BEGIN RECORDS FOR THE EXERCISE

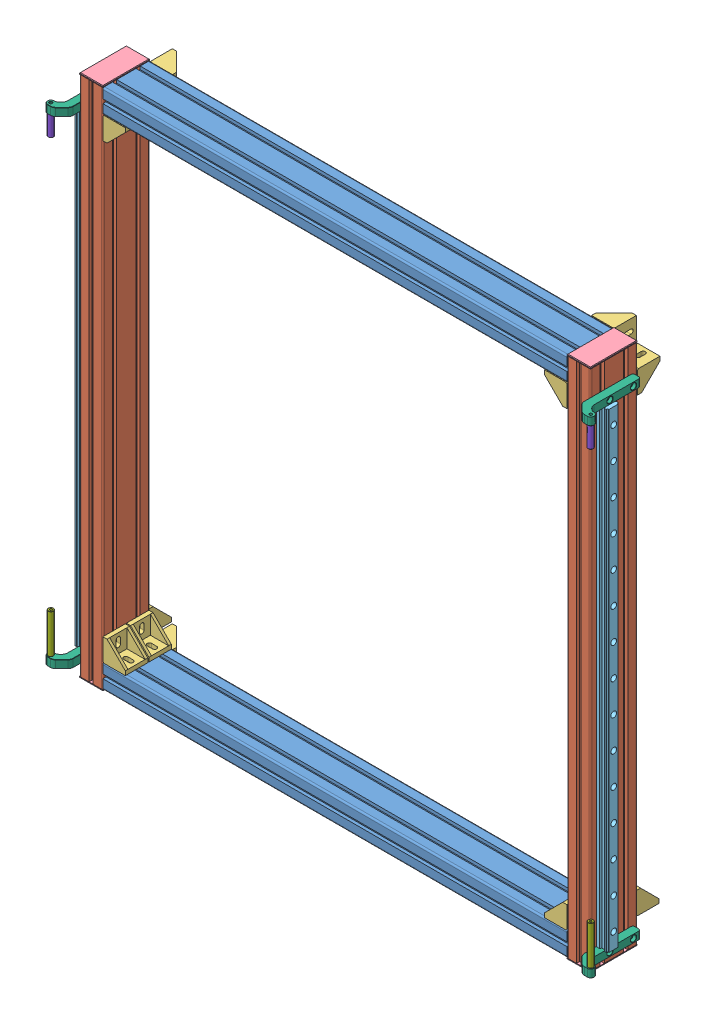
SolidWorks assembly Frame Top Stage, configuration Défaut. Lengths in mm.
Overall size (1047.13 1003 167.07).
34 component instances, 8 part files, 57 mates.
Components (placement in the parent):
- Frame X Top-1: Frame X Top [Défaut] at (-67 22.5 45) x (0 1 0) z (-1 0 0) size (45 90 888)
- Frame Y Top-1: Frame Y Top [Défaut] at (-3.2889 -2 75.8154) x (-1 0 0) z (0 -1 0) size (45 90 998)
- Frame X Top-2: Frame X Top [Défaut] at (-67 975.5 45) x (0 1 0) z (-1 0 0) size (45 90 888)
- Frame Y Top-2: Frame Y Top [Défaut] at (929.7111 -2 75.8154) x (-1 0 0) z (0 -1 0) size (45 90 998)
- nervure-1: nervure [Default] at (45 45 47) size (43 43 43)
- nervure-2: nervure [Default] at (45 953 47) x (0 -1 0) z (0 0 1) size (43 43 43)
- nervure-3: nervure [Default] at (933 45 47) x (0 1 0) z (0 0 1) size (43 43 43)
- nervure-4: nervure [Default] at (933 953 47) x (-1 0 0) z (0 0 1) size (43 43 43)
- nervure-5: nervure [Default] at (45 953 2) x (0 -1 0) z (0 0 1) size (43 43 43)
- nervure-6: nervure [Default] at (933 953 2) x (-1 0 0) z (0 0 1) size (43 43 43)
- nervure-7: nervure [Default] at (933 45 2) x (0 1 0) z (0 0 1) size (43 43 43)
- nervure-8: nervure [Default] at (45 45 2) size (43 43 43)
- Alu Profile End Cap 45x90-1: Alu Profile End Cap 45x90 [Défaut] at (22.5 0 45) x (0 0 1) z (0 -1 0) size (90 45 12.5)
- Alu Profile End Cap 45x90-5: Alu Profile End Cap 45x90 [Défaut] at (22.5 998 45) x (0 0 1) z (0 1 0) size (90 45 12.5)
- Alu Profile End Cap 45x90-6: Alu Profile End Cap 45x90 [Défaut] at (955.5 998 45) x (0 0 1) z (0 1 0) size (90 45 12.5)
- Alu Profile End Cap 45x90-4: Alu Profile End Cap 45x90 [Défaut] at (955.5 0 45) x (0 0 1) z (0 -1 0) size (90 45 12.5)
- nervure-9: nervure [Default] at (45 0 0) x (1 0 0) z (0 1 0) size (43 43 43)
- nervure-10: nervure [Default] at (43 45 0) x (0 1 0) z (-1 0 0) size (43 43 43)
- nervure-11: nervure [Default] at (933 45 0) x (-1 0 0) z (0 -1 0) size (43 43 43)
- nervure-12: nervure [Default] at (976 45 0) x (0 1 0) z (-1 0 0) size (43 43 43)
- nervure-13: nervure [Default] at (935 953 0) x (0 -1 0) z (1 0 0) size (43 43 43)
- nervure-14: nervure [Default] at (933 998 0) x (-1 0 0) z (0 -1 0) size (43 43 43)
- nervure-15: nervure [Default] at (2 953 0) x (0 -1 0) z (1 0 0) size (43 43 43)
- nervure-16: nervure [Default] at (45 953 0) x (1 0 0) z (0 1 0) size (43 43 43)
- HGR25-R1000-1: HGR25-R1000 [Default] at (989 485.5 67.5) x (0 0 -1) z (0 -1 0) size (23 22 900)
- HGR25-R1000-2: HGR25-R1000 [Default] at (-11 485.5 67.5) x (0 0 -1) z (0 1 0) size (23 22 900)
- Y Axis Stop-1: Y Axis Stop [Défaut] at (979.0859 950.5 84.2092) x (1 0 0) z (0 -1 0) size (34 114.75 15)
- Y Axis Stop-2: Y Axis Stop [Défaut] at (979.0859 35.5 84.2092) x (1 0 0) z (0 -1 0) size (34 114.75 15)
- Y Axis Stop-3: Y Axis Stop [Défaut] at (-1.0859 935.5 84.2092) x (-1 0 0) z (0 1 0) size (34 114.75 15)
- Y Axis Stop-4: Y Axis Stop [Défaut] at (-1.0859 20.5 84.2092) x (-1 0 0) z (0 1 0) size (34 114.75 15)
- EndStop Spacer 75mm-1: EndStop Spacer 75mm [Défaut] at (1005.5 35.5 117) x (0.737077 0 0.675809) z (0 1 0) size (10 10 85)
- EndStop Spacer 40mm-1: EndStop Spacer 40mm [Défaut] at (-27.5 935.5 117) x (-0.718383 0 -0.695648) z (0 -1 0) size (10 10 50)
- EndStop Spacer 75mm-2: EndStop Spacer 75mm [Défaut] at (-27.5 35.5 117) x (1 0 0) z (0 1 0) size (10 10 85)
- EndStop Spacer 40mm-2: EndStop Spacer 40mm [Défaut] at (1005.5 935.5 117) x (1 0 0) z (0 -1 0) size (10 10 50)
Mates (geometry in assembly coordinates):
- Coïncidente1: coincident anti-aligned: plane of Frame X Top-1 through (45 0 63.5) normal (0 -1 0); plane of assembly through (0 0 0) normal (0 1 0)
- Coïncidente2: coincident anti-aligned: plane of Frame X Top-1 through (45 3 0) normal (0 0 -1); plane of assembly through (0 0 0) normal (0 0 1)
- Distance1: distance = 45 mm: plane of assembly through (0 0 0) normal (1 0 0); plane of assembly; plane of Frame X Top-1 through (45 3 87) normal (-1 0 0)
- Coïncidente3: coincident aligned: plane of Frame X Top-1 through (45 0 63.5) normal (0 -1 0); plane of Frame Y Top-1 through (42 0 87) normal (0 -1 0)
- Coïncidente4: coincident aligned: plane of Frame X Top-1 through (45 42 90) normal (0 0 1); plane of Frame Y Top-1 through (26.5 0 90) normal (0 0 1)
- Coïncidente5: coincident anti-aligned: plane of Frame X Top-1 through (45 3 87) normal (-1 0 0); plane of Frame Y Top-1 through (45 0 63.5) normal (1 0 0)
- Coïncidente6: coincident aligned: plane of Frame X Top-1 through (45 18.5 90) normal (0 0 1); plane of Frame X Top-2 through (45 971.5 90) normal (0 0 1)
- Coïncidente7: coincident aligned: plane of Frame X Top-1 through (933 3 87) normal (1 0 0); plane of Frame X Top-2 through (933 956 87) normal (1 0 0)
- Coïncidente8: coincident aligned: plane of Frame X Top-1 through (45 18.5 90) normal (0 0 1); plane of Frame Y Top-2 through (936 0 90) normal (0 0 1)
- Coïncidente9: coincident aligned: plane of Frame X Top-1 through (45 0 63.5) normal (0 -1 0); plane of Frame Y Top-2 through (975 0 87) normal (0 -1 0)
- Coïncidente10: coincident anti-aligned: plane of Frame X Top-1 through (933 3 87) normal (1 0 0); plane of Frame Y Top-2 through (933 0 26.5) normal (-1 0 0)
- Coïncidente11: coincident aligned: plane of Frame X Top-2 through (45 998 26.5) normal (0 1 0); plane of Frame Y Top-2 through (975 998 87) normal (0 1 0)
- Coïncidente12: coincident aligned: plane of Frame X Top-1 through (45 42 90) normal (0 0 1); plane of nervure-1 through (45 45 90) normal (0 0 1)
- Coïncidente13: coincident anti-aligned: plane of Frame Y Top-1 through (45 0 87) normal (1 0 0); plane of nervure-1 through (45 88 90) normal (-1 0 0)
- Coïncidente14: coincident anti-aligned: plane of Frame X Top-1 through (45 45 71.5) normal (0 1 0); plane of nervure-1 through (45 45 90) normal (0 -1 0)
- Coïncidente15: coincident aligned: plane of Frame X Top-1 through (45 42 90) normal (0 0 1); plane of nervure-3 through (933 45 90) normal (0 0 1)
- Coïncidente16: coincident aligned: plane of Frame X Top-1 through (45 42 90) normal (0 0 1); plane of nervure-2 through (45 953 90) normal (0 0 1)
- Coïncidente17: coincident aligned: plane of Frame X Top-1 through (45 42 90) normal (0 0 1); plane of nervure-4 through (933 953 90) normal (0 0 1)
- Coïncidente18: coincident anti-aligned: plane of Frame Y Top-2 through (933 0 26.5) normal (-1 0 0); plane of nervure-3 through (933 45 90) normal (1 0 0)
- Coïncidente19: coincident anti-aligned: plane of Frame Y Top-2 through (933 0 26.5) normal (-1 0 0); plane of nervure-4 through (933 910 90) normal (1 0 0)
- Coïncidente20: coincident anti-aligned: plane of Frame X Top-2 through (45 953 63.5) normal (0 -1 0); plane of nervure-2 through (88 953 90) normal (0 1 0)
- Coïncidente21: coincident anti-aligned: plane of Frame X Top-2 through (45 953 63.5) normal (0 -1 0); plane of nervure-4 through (933 953 90) normal (0 1 0)
- Coïncidente22: coincident anti-aligned: plane of Frame X Top-1 through (45 45 26.5) normal (0 1 0); plane of nervure-3 through (890 45 90) normal (0 -1 0)
- Coïncidente23: coincident anti-aligned: plane of Frame Y Top-1 through (45 0 63.5) normal (1 0 0); plane of nervure-2 through (45 953 90) normal (-1 0 0)
- Coïncidente24: coincident anti-aligned: plane of Frame Y Top-1 through (42 0 87) normal (0 -1 0); plane of Alu Profile End Cap 45x90-1 through (22.5 0 45) normal (0 1 0)
- Coaxiale1: concentric anti-aligned: cylinder of Frame Y Top-1 through (22.5 0 67.5) axis (0 1 0) radius 4; cylinder of Alu Profile End Cap 45x90-1 through (22.5 10 67.5) axis (0 -1 0) radius 4
- Coaxiale2: concentric anti-aligned: cylinder of Frame Y Top-1 through (22.5 0 22.5) axis (0 1 0) radius 4; cylinder of Alu Profile End Cap 45x90-1 through (22.5 10 22.5) axis (0 -1 0) radius 4
- Coïncidente25: coincident anti-aligned: plane of Frame Y Top-1 through (42 998 87) normal (0 1 0); plane of Alu Profile End Cap 45x90-5 through (22.5 998 45) normal (0 -1 0)
- Coaxiale3: concentric aligned: cylinder of Frame Y Top-1 through (22.5 0 67.5) axis (0 1 0) radius 4; cylinder of Alu Profile End Cap 45x90-5 through (22.5 988 67.5) axis (0 1 0) radius 4
- Coaxiale4: concentric aligned: cylinder of Frame Y Top-1 through (22.5 0 22.5) axis (0 1 0) radius 4; cylinder of Alu Profile End Cap 45x90-5 through (22.5 988 22.5) axis (0 1 0) radius 4
- Coïncidente26: coincident anti-aligned: plane of Frame X Top-1 through (45 26.5 0) normal (0 0 -1); plane of nervure-9 through (45 43 0) normal (0 0 1)
- Coïncidente27: coincident anti-aligned: plane of Frame X Top-1 through (45 26.5 0) normal (0 0 -1); plane of nervure-10 through (0 45 0) normal (0 0 1)
- Coïncidente28: coincident aligned: plane of Frame X Top-1 through (45 0 18.5) normal (0 -1 0); plane of nervure-9 through (45 0 0) normal (0 -1 0)
- Coïncidente29: coincident anti-aligned: plane of Frame Y Top-1 through (45 0 63.5) normal (1 0 0); plane of nervure-9 through (45 43 -43) normal (-1 0 0)
- Coïncidente30: coincident anti-aligned: plane of Frame X Top-1 through (45 45 26.5) normal (0 1 0); plane of nervure-10 through (0 45 -43) normal (0 -1 0)
- Coïncidente31: coincident aligned: plane of Frame Y Top-1 through (0 0 26.5) normal (-1 0 0); plane of nervure-10 through (0 45 0) normal (-1 0 0)
- Coïncidente32: coincident anti-aligned: plane of Frame X Top-1 through (45 3 0) normal (0 0 -1); plane of nervure-12 through (933 45 0) normal (0 0 1)
- Coïncidente33: coincident anti-aligned: plane of Frame X Top-1 through (45 3 0) normal (0 0 -1); plane of nervure-11 through (933 2 0) normal (0 0 1)
- Coïncidente34: coincident aligned: plane of Frame Y Top-2 through (933 0 26.5) normal (-1 0 0); plane of nervure-12 through (933 45 0) normal (-1 0 0)
- Coïncidente35: coincident anti-aligned: plane of Frame X Top-1 through (45 45 26.5) normal (0 1 0); plane of nervure-12 through (933 45 -43) normal (0 -1 0)
- Coïncidente36: coincident aligned: plane of Frame X Top-1 through (45 45 26.5) normal (0 1 0); plane of nervure-11 through (933 45 0) normal (0 1 0)
- Coïncidente37: coincident anti-aligned: plane of Frame Y Top-2 through (933 0 26.5) normal (-1 0 0); plane of nervure-11 through (933 2 -43) normal (1 0 0)
- Coïncidente39: coincident anti-aligned: plane of Frame Y Top-2 through (978 0 63.5) normal (1 0 0); plane of HGR25-R1000-1 through (978 -14.5 78) normal (-1 0 0)
- Largeur2: width anti-aligned: plane of HGR25-R1000-1 through (979 -14.5 56) normal (0 0 -1); plane of Frame Y Top-2 through (984 -14.5 79) normal (0 0 1); plane of HGR25-R1000-1 through (972 0 63.5) normal (0 0 1); plane of Frame Y Top-2 through (978 0 71.5) normal (0 0 -1)
- Coïncidente41: coincident anti-aligned: plane of Frame Y Top-2 through (978 0 63.5) normal (1 0 0); plane of Y Axis Stop-1 through (978 935.5 12.75) normal (-1 0 0)
- Largeur6: width: plane of Frame Y Top-2 through (972 0 63.5) normal (0 0 1); plane of Y Axis Stop-1 through (978 0 71.5) normal (0 0 -1); cylinder of Frame Y Top-2 through (993 943 67.5) axis (1 0 0) radius 3.3
- Largeur7: width: plane of Frame Y Top-2 through (978 0 26.5) normal (0 0 -1); plane of Y Axis Stop-1 through (972 0 18.5) normal (0 0 1); cylinder of Frame Y Top-2 through (993 943 22.5) axis (1 0 0) radius 3.3
- Coïncidente51: coincident anti-aligned: plane of HGR25-R1000-1 through (978 935.5 188.6837) normal (0 1 0); plane of Y Axis Stop-1 through (1005.5 935.5 117) normal (0 -1 0)
- Distance8: distance = 20.5 mm anti-aligned: plane of Y Axis Stop-2 through (1005.5 20.5 117) normal (0 -1 0); plane of Alu Profile End Cap 45x90-4 through (955.5 0 45) normal (0 1 0)
- Coaxiale64: concentric anti-aligned: cylinder of Y Axis Stop-1 through (1005.5 935.5 117) axis (0 -1 0) radius 2.5; cylinder of EndStop Spacer 40mm-2 through (1005.5 895.5 117) axis (0 1 0) radius 5
- Coïncidente107: coincident anti-aligned: plane of Y Axis Stop-1 through (1005.5 935.5 117) normal (0 -1 0); plane of EndStop Spacer 40mm-2 through (1005.5 935.5 117) normal (0 1 0)
- Coaxiale65: concentric aligned: cylinder of Y Axis Stop-3 through (-27.5 950.5 117) axis (0 1 0) radius 2.5; cylinder of EndStop Spacer 40mm-1 through (-27.5 895.5 117) axis (0 1 0) radius 5
- Coïncidente108: coincident anti-aligned: plane of Y Axis Stop-3 through (-27.5 935.5 117) normal (0 -1 0); plane of EndStop Spacer 40mm-1 through (-27.5 935.5 117) normal (0 1 0)
- Coaxiale66: concentric aligned: cylinder of Y Axis Stop-2 through (1005.5 20.5 117) axis (0 -1 0) radius 2.5; cylinder of EndStop Spacer 75mm-1 through (1005.5 110.5 117) axis (0 -1 0) radius 5
- Coïncidente109: coincident anti-aligned: plane of Y Axis Stop-2 through (1005.5 35.5 117) normal (0 1 0); plane of EndStop Spacer 75mm-1 through (1005.5 35.5 117) normal (0 -1 0)
- Coaxiale67: concentric anti-aligned: cylinder of Y Axis Stop-4 through (-27.5 35.5 117) axis (0 1 0) radius 2.5; cylinder of EndStop Spacer 75mm-2 through (-27.5 110.5 117) axis (0 -1 0) radius 5
- Coïncidente110: coincident anti-aligned: plane of Y Axis Stop-4 through (-27.5 35.5 117) normal (0 1 0); plane of EndStop Spacer 75mm-2 through (-27.5 35.5 117) normal (0 -1 0)

END RECORDS FOR THE EXERCISE

**EXERCISE:** With the line that has "- nervure-2: nervure" as the first and the line that has "- Alu Profile End Cap 45x90-1: Alu" as the last, repeat exactly that run of lines above and no more.

**RESULT OF THE TASK:**
- nervure-2: nervure [Default] at (45 953 47) x (0 -1 0) z (0 0 1) size (43 43 43)
- nervure-3: nervure [Default] at (933 45 47) x (0 1 0) z (0 0 1) size (43 43 43)
- nervure-4: nervure [Default] at (933 953 47) x (-1 0 0) z (0 0 1) size (43 43 43)
- nervure-5: nervure [Default] at (45 953 2) x (0 -1 0) z (0 0 1) size (43 43 43)
- nervure-6: nervure [Default] at (933 953 2) x (-1 0 0) z (0 0 1) size (43 43 43)
- nervure-7: nervure [Default] at (933 45 2) x (0 1 0) z (0 0 1) size (43 43 43)
- nervure-8: nervure [Default] at (45 45 2) size (43 43 43)
- Alu Profile End Cap 45x90-1: Alu Profile End Cap 45x90 [Défaut] at (22.5 0 45) x (0 0 1) z (0 -1 0) size (90 45 12.5)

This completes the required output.